Jump to: navigation, search


(A Very Basic Introduction to) Programming DirectCompute & DirectX 11 Compute Shaders

This page introduces programming with DirectCompute. It is intended to illustrate concepts in DirectCompute programming from the ground up without any prior DirectX programming experience. Some knowledge of GPU based data parallel programming is helpful, namely the concepts of a kernel, grid/thread blocks (in CUDA) or workgroups (in OpenCL). It introduces DirectX 11 Compute Shaders. Hopefully the scope covers topics relevant for using DirectCompute for general purpose GPU Compute.

Please contact me regarding any errata or suggestions & comments: email me

  • 5-19-2010: MSDN's D3D11 Reference is online now, adding better links for material in the text
  • 4-10-2010: Added notes on what the sample program does
  • 9-15-2009: Currently under development, this page is incomplete but hopefully is a good complementary resource to other sources on the web.

Introduction Sample Code

  • Full sample code This link contains the full sample code (.cpp) for a minimal console DirectCompute program. The example is console based and doesn't use any graphics or windowing.
    • This program shows a round trip of data to the GPU, through a shader, and back to CPU memory. The output is a element (4 components) of a buffer written by the compute shader that contains grid location and the data from a constant buffer, set by the CPU.
  • Compute Shader code This link contains the full shader code (.hlsl)
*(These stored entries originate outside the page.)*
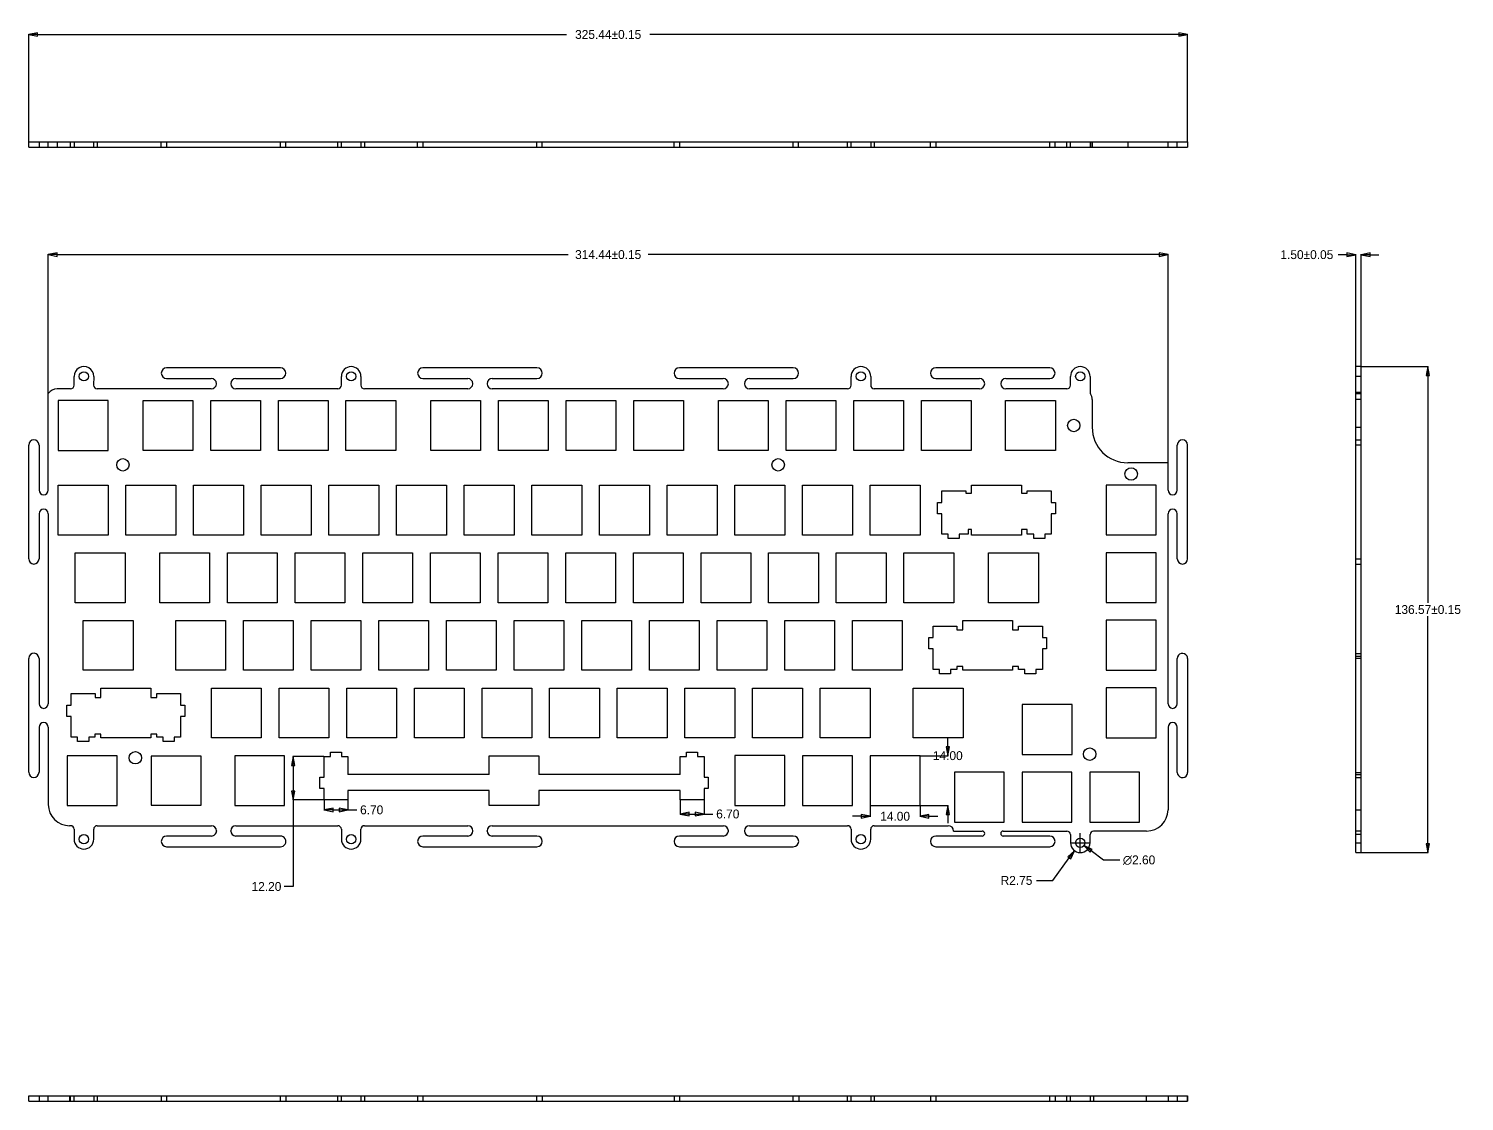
# Model space of a CAD drawing. Header units: millimetres. Extents: x -68 to 698, y -31 to 270.
# Drawn here: x -67.6 to 335.6, y -31.5 to 270 of the extents above; entities that cross this region are included whole.
import ezdxf

# ---------------------------------------------------------------- set-up
doc = ezdxf.new("R2010")
doc.units = ezdxf.units.MM
doc.header["$LTSCALE"] = 16.335
doc.header["$PDMODE"] = 3
doc.header["$PDSIZE"] = 0.3125
doc.layers.get('0').update_dxf_attribs({"linetype": 'CONTINUOUS'})
doc.layers.get('Defpoints').update_dxf_attribs({"linetype": 'CONTINUOUS'})
doc.dimstyles.get("Standard").update_dxf_attribs({"dimtxt": 2.5, "dimasz": 2.5, "dimexe": 0.125, "dimexo": 0.0625, "dimtad": 1, "dimdsep": 46, "dimtxsty": 'Standard', "dimblk": 'CLOSED', "dimblk1": 'CLOSED', "dimblk2": 'CLOSED', "dimcen": 0.09, "dimazin": 2, "dimtp": 0.01, "dimtm": 0.01, "dimtfac": 1, "dimtofl": 0, "dimtmove": 0, "dimatfit": 3, "dimldrblk": 'CLOSED', "dimfxl": 1, "dimtolj": 1, "dimarcsym": 0})

# ---------------------------------------------------------------- blocks, each defined once
blk = doc.blocks.new('_CLOSED')
at = {"color": 0, "linetype": 'ByBlock'}
for p, q in [((0, 0), (-1, 0.2)), ((-1, 0.2), (-1, -0.2)), ((-1, -0.2), (0, 0)), ((-1, 0), (0, 0))]:
    blk.add_line(p, q, dxfattribs=at)
blk = doc.blocks.new('*D1')
at = {"color": 0, "lineweight": -2}
for p, q in [((-67.57, 238.19), (-67.57, 268.44)), ((-65.07, 268.32), (83.48, 268.32)), ((255.37, 268.32), (106.81, 268.32)), ((257.87, 238.19), (257.87, 268.44))]:
    blk.add_line(p, q, dxfattribs=at)
at = {"layer": 'Defpoints', "color": 0}
for p in [(257.87, 268.32), (-67.57, 238.13), (257.87, 238.13)]:
    blk.add_point(p, dxfattribs=at)
at = {"color": 0, "lineweight": -2, "xscale": 2.5, "yscale": 2.5, "zscale": 2.5, "rotation": 180}
blk.add_blockref('_CLOSED', (-67.57, 268.32), dxfattribs=at)
at = {"color": 0, "lineweight": -2, "xscale": 2.5, "yscale": 2.5, "zscale": 2.5}
blk.add_blockref('_CLOSED', (257.87, 268.32), dxfattribs=at)
at = {"color": 0, "insert": (95.15, 268.32), "char_height": 2.5, "attachment_point": 5}
blk.add_mtext('\\A1;325.44±0.15', dxfattribs=at)
blk = doc.blocks.new('*D2')
at = {"color": 0, "lineweight": -2}
for p, q in [((-62.07, 167.48), (-62.07, 206.59)), ((-59.57, 206.47), (83.9, 206.47)), ((249.87, 206.47), (106.4, 206.47)), ((252.37, 148.03), (252.37, 206.59))]:
    blk.add_line(p, q, dxfattribs=at)
at = {"layer": 'Defpoints', "color": 0}
for p in [(252.37, 206.47), (-62.07, 167.41), (252.37, 147.97)]:
    blk.add_point(p, dxfattribs=at)
at = {"color": 0, "lineweight": -2, "xscale": 2.5, "yscale": 2.5, "zscale": 2.5, "rotation": 180}
blk.add_blockref('_CLOSED', (-62.07, 206.47), dxfattribs=at)
at = {"color": 0, "lineweight": -2, "xscale": 2.5, "yscale": 2.5, "zscale": 2.5}
blk.add_blockref('_CLOSED', (252.37, 206.47), dxfattribs=at)
at = {"color": 0, "insert": (95.15, 206.47), "char_height": 2.5, "attachment_point": 5}
blk.add_mtext('\\A1;314.44±0.15', dxfattribs=at)
blk = doc.blocks.new('*D3')
at = {"color": 0, "lineweight": -2}
for p, q in [((306.68, 175.01), (325.47, 175.01)), ((325.34, 172.51), (325.34, 108.6)), ((325.34, 40.94), (325.34, 104.85)), ((306.68, 38.44), (325.47, 38.44))]:
    blk.add_line(p, q, dxfattribs=at)
at = {"layer": 'Defpoints', "color": 0}
for p in [(306.61, 175.01), (306.61, 38.44), (325.34, 38.44)]:
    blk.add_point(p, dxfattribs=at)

The sample program basically breaks down into the following steps to run a compute shader:

  1. Initialize the device and context
  2. Load the shader from a HLSL file and compile it
  3. Create and initialize resources (buffers etc) for the shader
  4. Set shader state, and execute
  5. Readback the results.

The following discussion goes into these parts in greater detail.

Device Management

DirectCompute is essentially fully introduced through the Compute Shader 5.0 programming model (aka CS 5.0). CS 5.0 however requires DirectX-11. If DirectX-11 hardware isn't available (say at the time of writing this when DirectX-11 hardware is just still around the corner), DirectCompute can still be used either with the driver running in a reference mode (software mode), or in a "downlevel" configuration where some of the functions of the compute shader are exposed via something called "Compute Shader 4.0" and run on DirectX-10 hardware. To do this:

  • write your program using the DirectX-11 API (i.e. ID3D11...calls)
  • Create a DX11 device, but request a DX10 and CS4.0 feature level when creating it.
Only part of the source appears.